### ABOUT THIS EXERCISE
In the records below, locate the line containing "blk = doc.blocks.new('*D3102')"; output that line and every following line through the last, exactly.
Segment Open
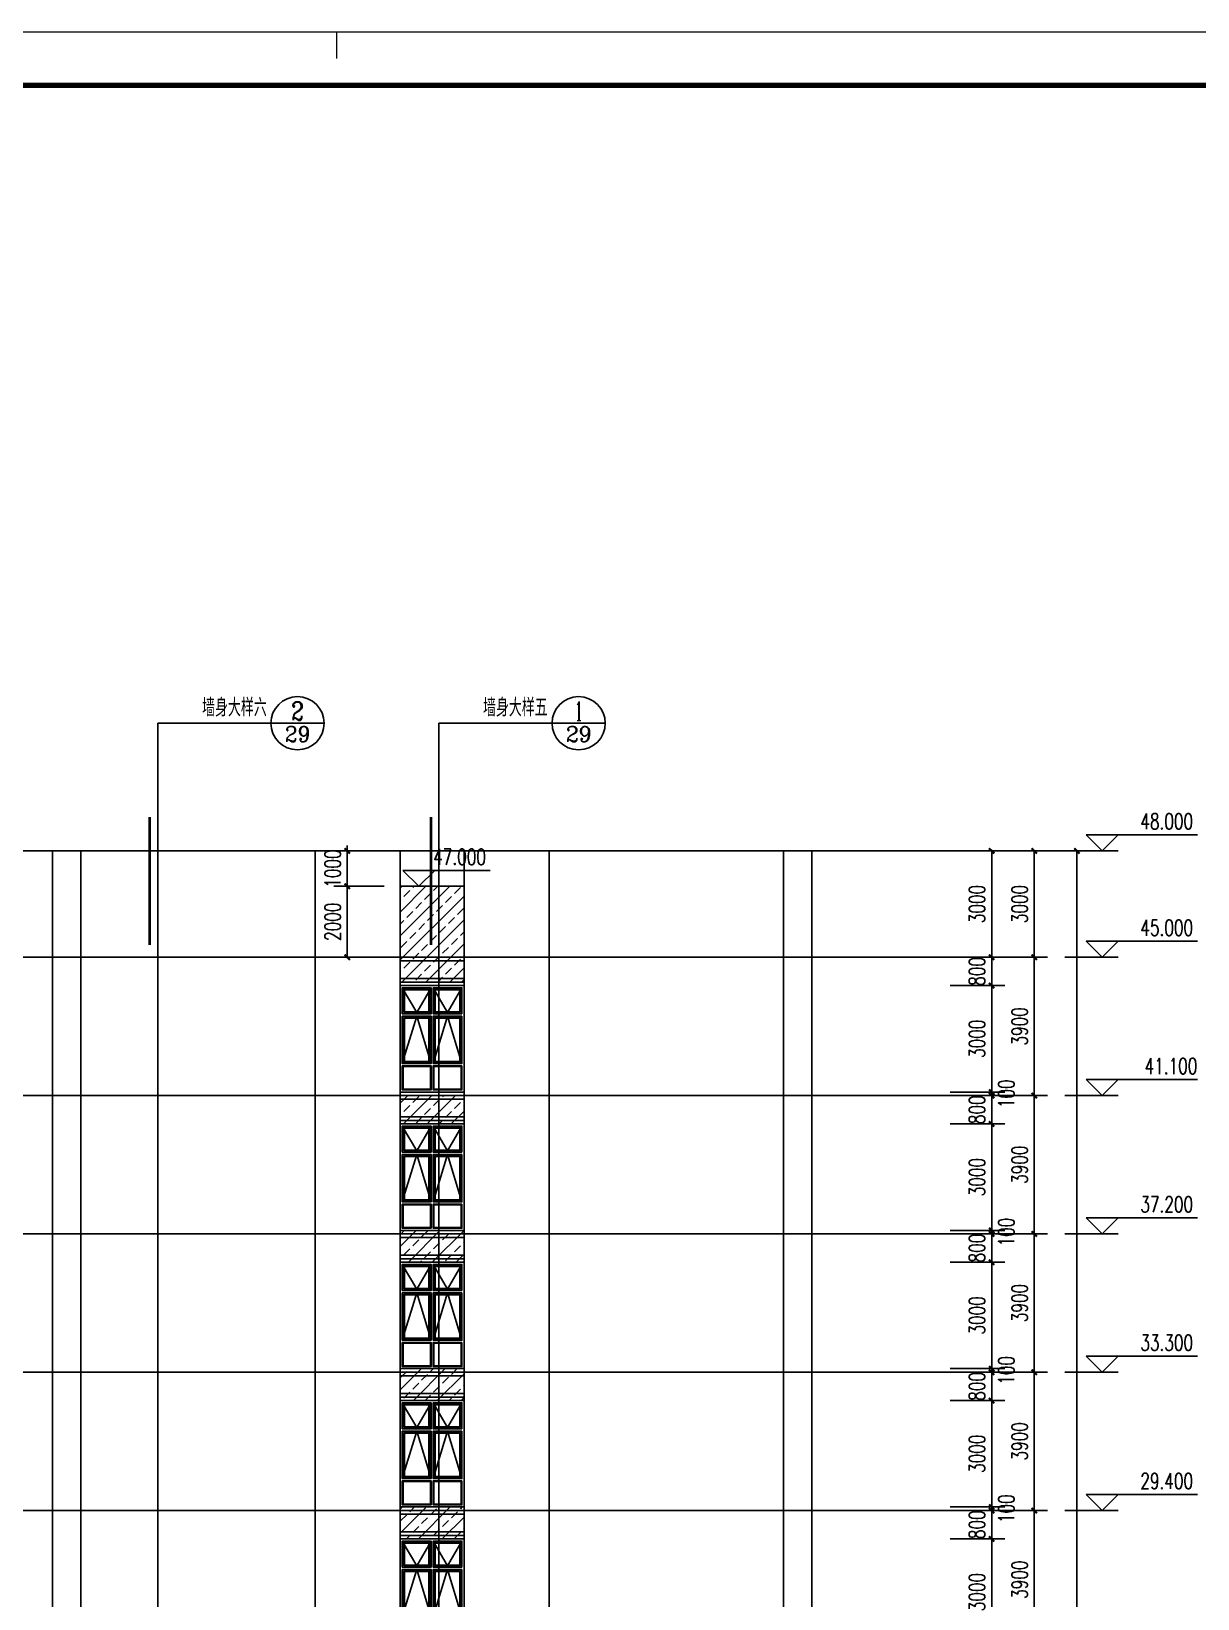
# Model space of a CAD drawing. Extents: x 1738711 to 2346805, y 1189731 to 2516152.
# Drawn here: x 2193513 to 2226382, y 1894936 to 1939128 of the extents above; entities that cross this region are included whole.
import ezdxf
from ezdxf.enums import TextEntityAlignment as Align

# ---------------------------------------------------------------- set-up
doc = ezdxf.new("R2010")
doc.units = 0
doc.header["$LTSCALE"] = 1000
doc.header["$MEASUREMENT"] = 0
doc.linetypes.add('复件 140224通州运河二期售楼部条件图_t3$0$X-ME SHAFT SH$0$X-B2$0$WATER_LINE', pattern=[0])
for name, color, linetype in [('2', 41, 'Continuous'), ('DIM_ELEV', 3, 'Continuous'), ('DIM_IDEN', 3, 'Continuous'), ('DOTE', 1, 'Continuous'), ('PUB_DIM', 3, 'Continuous'), ('PUB_HATCH', 8, 'Continuous'), ('PUB_TEXT', 7, 'Continuous'), ('TK', 4, 'Continuous'), ('WINDOW', 144, 'Continuous'), ('看线', 8, 'Continuous')]:
    doc.layers.add(name, color=color, linetype=linetype)
doc.layers.add('_0', color=7, linetype='Continuous', lineweight=25)
doc.styles.add('_TCH_DIM', font='SIMPLEX', dxfattribs={"bigfont": 'GBCBIG'})
doc.styles.add('_TCH_DIM_T3', font='SIMPLEX', dxfattribs={"width": 0.705882, "bigfont": 'GBCBIG'})
doc.styles.add('_TCH_LABEL', font='COMPLEX', dxfattribs={"bigfont": 'GBCBIG'})
doc.styles.add('宋体', font='SIMSUN.TTF', dxfattribs={"width": 0.75})
doc.dimstyles.new('_TCH_ARCH&&150', dxfattribs={"dimtxt": 446.25, "dimasz": 150, "dimexe": 375, "dimexo": 450, "dimgap": 189.375, "dimtad": 1, "dimdec": 0, "dimzin": 0, "dimdsep": 46, "dimtxsty": '_TCH_DIM_T3', "dimblk": 'ARCHTICK', "dimcen": 0.09, "dimclrt": 7, "dimazin": 2, "dimtfac": 1, "dimtdec": 0, "dimtix": 1, "dimtmove": 2, "dimatfit": 3, "dimfxl": 1, "dimtolj": 1, "dimtzin": 0, "dimarcsym": 0})

# ---------------------------------------------------------------- blocks, each defined once
blk = doc.blocks.new('heraheraherahe')
at = {"layer": 'WINDOW', "color": 4, "linetype": '复件 140224通州运河二期售楼部条件图_t3$0$X-ME SHAFT SH$0$X-B2$0$WATER_LINE'}
blk.add_lwpolyline([(2141388, 1404296), (2139588, 1404296), (2139588, 1401296), (2141388, 1401296)], close=True, dxfattribs=at)
at = {"layer": 'WINDOW', "linetype": '复件 140224通州运河二期售楼部条件图_t3$0$X-ME SHAFT SH$0$X-B2$0$WATER_LINE'}
for points in [[(2139648, 1403496), (2140458, 1403496), (2140458, 1404236), (2139648, 1404236), (2139648, 1403496)], [(2141328, 1403496), (2140518, 1403496), (2140518, 1404236), (2141328, 1404236), (2141328, 1403496)], [(2139648, 1403436), (2139648, 1402096), (2140458, 1402096), (2140458, 1403436), (2139648, 1403436)], [(2141328, 1403436), (2141328, 1402096), (2140518, 1402096), (2140518, 1403436), (2141328, 1403436)], [(2139648, 1402036), (2139648, 1401356), (2140458, 1401356), (2140458, 1402036), (2139648, 1402036)], [(2141328, 1402036), (2141328, 1401356), (2140518, 1401356), (2140518, 1402036), (2141328, 1402036)]]:
    blk.add_lwpolyline(points, dxfattribs=at)
for points in [[(2139688, 1403536), (2140418, 1403536), (2140418, 1404196), (2139688, 1404196)], [(2139708, 1403556), (2140398, 1403556), (2140398, 1404176), (2139708, 1404176)], [(2141288, 1403536), (2140558, 1403536), (2140558, 1404196), (2141288, 1404196)], [(2141268, 1403556), (2140578, 1403556), (2140578, 1404176), (2141268, 1404176)], [(2139688, 1403396), (2139688, 1402136), (2140418, 1402136), (2140418, 1403396)], [(2139708, 1403376), (2139708, 1402156), (2140398, 1402156), (2140398, 1403376)], [(2141288, 1403396), (2141288, 1402136), (2140558, 1402136), (2140558, 1403396)], [(2141268, 1403376), (2141268, 1402156), (2140578, 1402156), (2140578, 1403376)], [(2139668, 1402016), (2139668, 1401376), (2140438, 1401376), (2140438, 1402016)], [(2141308, 1402016), (2141308, 1401376), (2140538, 1401376), (2140538, 1402016)]]:
    blk.add_lwpolyline(points, close=True, dxfattribs=at)
at = {"layer": '看线'}
for points in [[(2139648, 1404236), (2140053, 1403536), (2140458, 1404236)], [(2140518, 1404236), (2140923, 1403536), (2141328, 1404236)], [(2139648, 1402096), (2140053, 1403436), (2140458, 1402096)], [(2140518, 1402096), (2140923, 1403436), (2141328, 1402096)]]:
    blk.add_lwpolyline(points, dxfattribs=at)
blk = doc.blocks.new('hearhrehreh')
at = {"layer": '2'}
for p, q in [((2141388, 1405296), (2139588, 1405296)), ((2141388, 1405196), (2139588, 1405196)), ((2141388, 1404696), (2139588, 1404696)), ((2141388, 1404596), (2139588, 1404596))]:
    blk.add_line(p, q, dxfattribs=at)
at = {"layer": '_0'}
blk.add_blockref('heraheraherahe', (0, 200), dxfattribs=at)
blk = doc.blocks.new('hjashrtahreahe')
at = {"const_width": 25}
blk.add_lwpolyline([(42800, 59400), (42800, 58900)], dxfattribs=at)
at = {"layer": 'TK', "color": 7, "const_width": 25}
blk.add_lwpolyline([(0, 59400), (84100, 59400), (84100, 0), (0, 0)], close=True, dxfattribs=at)
at = {"layer": 'TK', "color": 3, "const_width": 100}
blk.add_lwpolyline([(2500, 1000), (2500, 58400), (83100, 58400), (83100, 1000)], close=True, dxfattribs=at)
at = {"layer": 'TK', "style": '宋体', "width": 0.75}
for tag, height, p in [('项目负责人', 350, (6003, 57089)), ('专业负责人', 350, (6003, 56224)), ('设计人', 350, (6003, 55419)), ('版号1', 250, (77304, 22193)), ('时间1', 250, (82405, 22193)), ('版号2', 250, (77304, 21593)), ('时间2', 250, (82405, 21593)), ('版号3', 250, (77304, 20993)), ('时间3', 250, (82405, 20993)), ('建筑会签', 0.0001, (78978, 2403)), ('电气会签', 0.0001, (82128, 2403)), ('结构会签', 0.0001, (78978, 1803)), ('暖通会签', 0.0001, (82128, 1803)), ('给排水会签', 0.0001, (78978, 1250)), ('智能化会签', 0.0001, (82128, 1250))]:
    blk.add_attdef(tag, text='', height=height, dxfattribs=at).set_placement(p, align=Align.CENTER)
for tag, p in [('合作设计单位', (80816, 48986)), ('版号说明1', (79854, 22318)), ('版号说明2', (79854, 21718)), ('版号说明3', (79854, 21118)), ('浙江绿储科技有限公司', (80545, 16036)), ('百兆瓦级集中式熔盐储能关键', (80545, 14953)), ('设备研发及制造基地项目', (80545, 14603)), ('1#研发楼', (80545, 13636)), ('图名', (80545, 12436)), ('工程编号', (78978, 11461)), ('子项编号', (82128, 11461)), ('建筑', (78978, 10711)), ('图号', (82128, 10711)), ('施工图', (78978, 9961)), ('2023.03', (82128, 9961)), ('审定', (79353, 8461)), ('审核', (79353, 7711)), ('工程负责', (79353, 6961)), ('专业负责', (79353, 6211)), ('设计', (79353, 5461)), ('制图', (79353, 4711)), ('校对', (79353, 3961))]:
    blk.add_attdef(tag, text='', height=250, dxfattribs=at).set_placement(p, align=Align.MIDDLE_CENTER)
blk = doc.blocks.new('_ArchTick')
at = {"color": 0, "linetype": 'ByBlock', "const_width": 0.4}
blk.add_lwpolyline([(-0.5, -0.5), (0.5, 0.5)], dxfattribs=at)
blk = doc.blocks.new('*D174')
at = {"layer": 'Defpoints', "color": 0, "transparency": 16777216}
for p in [(2202417, 1915021), (2203908, 1915021), (2203908, 1913021)]:
    blk.add_point(p, dxfattribs=at)
at = {"layer": 'PUB_DIM', "color": 0, "lineweight": -2, "transparency": 16777216}
for p, q in [((2203458, 1915021), (2202042, 1915021)), ((2202417, 1913021), (2202417, 1915021)), ((2203458, 1913021), (2202042, 1913021))]:
    blk.add_line(p, q, dxfattribs=at)
at = {"layer": 'PUB_DIM', "color": 0, "lineweight": -2, "transparency": 16777216, "xscale": 150, "yscale": 150, "zscale": 150}
for p, rotation in [((2202417, 1915021), 90), ((2202417, 1913021), 270)]:
    blk.add_blockref('_ArchTick', p, dxfattribs=dict(at, rotation=rotation))
at = {"layer": 'PUB_DIM', "color": 7, "transparency": 16777216, "insert": (2202005, 1914021), "char_height": 446.2, "attachment_point": 5, "rotation": 90, "style": '_TCH_DIM_T3'}
blk.add_mtext('\\A1;2000', dxfattribs=at)
blk = doc.blocks.new('*D175')
at = {"layer": 'Defpoints', "color": 0, "transparency": 16777216}
for p in [(2202417, 1916021), (2203908, 1916021), (2203908, 1915021)]:
    blk.add_point(p, dxfattribs=at)
at = {"layer": 'PUB_DIM', "color": 0, "lineweight": -2, "transparency": 16777216}
for p, q in [((2202417, 1916021), (2202417, 1916171)), ((2203458, 1916021), (2202042, 1916021)), ((2202417, 1915021), (2202417, 1916021)), ((2203458, 1915021), (2202042, 1915021)), ((2202417, 1915021), (2202417, 1914871))]:
    blk.add_line(p, q, dxfattribs=at)
at = {"layer": 'PUB_DIM', "color": 0, "lineweight": -2, "transparency": 16777216, "xscale": 150, "yscale": 150, "zscale": 150}
for p, rotation in [((2202417, 1916021), 270), ((2202417, 1915021), 90)]:
    blk.add_blockref('_ArchTick', p, dxfattribs=dict(at, rotation=rotation))
at = {"layer": 'PUB_DIM', "color": 7, "transparency": 16777216, "insert": (2202005, 1915521), "char_height": 446.2, "attachment_point": 5, "rotation": 90, "style": '_TCH_DIM_T3'}
blk.add_mtext('\\A1;1000', dxfattribs=at)
blk = doc.blocks.new('*D3101')
at = {"layer": 'Defpoints', "color": 0, "transparency": 16777216}
for p in [(2218959, 1896621), (2220578, 1896621), (2218959, 1893621)]:
    blk.add_point(p, dxfattribs=at)
at = {"layer": 'PUB_DIM', "color": 0, "lineweight": -2, "transparency": 16777216}
for p, q in [((2219409, 1896621), (2220953, 1896621)), ((2220578, 1893621), (2220578, 1896621)), ((2219409, 1893621), (2220953, 1893621))]:
    blk.add_line(p, q, dxfattribs=at)
at = {"layer": 'PUB_DIM', "color": 0, "lineweight": -2, "transparency": 16777216, "xscale": 150, "yscale": 150, "zscale": 150}
for p, rotation in [((2220578, 1896621), 90), ((2220578, 1893621), 270)]:
    blk.add_blockref('_ArchTick', p, dxfattribs=dict(at, rotation=rotation))
at = {"layer": 'PUB_DIM', "color": 7, "transparency": 16777216, "insert": (2220166, 1895121), "char_height": 446.2, "attachment_point": 5, "rotation": 90, "style": '_TCH_DIM_T3'}
blk.add_mtext('\\A1;3000', dxfattribs=at)
blk = doc.blocks.new('*D3102')
at = {"layer": 'Defpoints', "color": 0, "transparency": 16777216}
for p in [(2218959, 1897421), (2220578, 1897421), (2218959, 1896621)]:
    blk.add_point(p, dxfattribs=at)
at = {"layer": 'PUB_DIM', "color": 0, "lineweight": -2, "transparency": 16777216}
for p, q in [((2219409, 1897421), (2220953, 1897421)), ((2220578, 1897421), (2220578, 1897571)), ((2220578, 1896621), (2220578, 1897421)), ((2219409, 1896621), (2220953, 1896621)), ((2220578, 1896621), (2220578, 1896471))]:
    blk.add_line(p, q, dxfattribs=at)
at = {"layer": 'PUB_DIM', "color": 0, "lineweight": -2, "transparency": 16777216, "xscale": 150, "yscale": 150, "zscale": 150}
for p, rotation in [((2220578, 1897421), 270), ((2220578, 1896621), 90)]:
    blk.add_blockref('_ArchTick', p, dxfattribs=dict(at, rotation=rotation))
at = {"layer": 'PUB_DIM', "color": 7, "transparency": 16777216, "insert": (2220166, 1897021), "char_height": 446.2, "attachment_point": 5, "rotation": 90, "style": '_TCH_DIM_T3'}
Segment Closed
### ANSWER TO THIS PROBLEM
blk = doc.blocks.new('*D3102')
at = {"layer": 'Defpoints', "color": 0, "transparency": 16777216}
for p in [(2218959, 1897421), (2220578, 1897421), (2218959, 1896621)]:
    blk.add_point(p, dxfattribs=at)
at = {"layer": 'PUB_DIM', "color": 0, "lineweight": -2, "transparency": 16777216}
for p, q in [((2219409, 1897421), (2220953, 1897421)), ((2220578, 1897421), (2220578, 1897571)), ((2220578, 1896621), (2220578, 1897421)), ((2219409, 1896621), (2220953, 1896621)), ((2220578, 1896621), (2220578, 1896471))]:
    blk.add_line(p, q, dxfattribs=at)
at = {"layer": 'PUB_DIM', "color": 0, "lineweight": -2, "transparency": 16777216, "xscale": 150, "yscale": 150, "zscale": 150}
for p, rotation in [((2220578, 1897421), 270), ((2220578, 1896621), 90)]:
    blk.add_blockref('_ArchTick', p, dxfattribs=dict(at, rotation=rotation))
at = {"layer": 'PUB_DIM', "color": 7, "transparency": 16777216, "insert": (2220166, 1897021), "char_height": 446.2, "attachment_point": 5, "rotation": 90, "style": '_TCH_DIM_T3'}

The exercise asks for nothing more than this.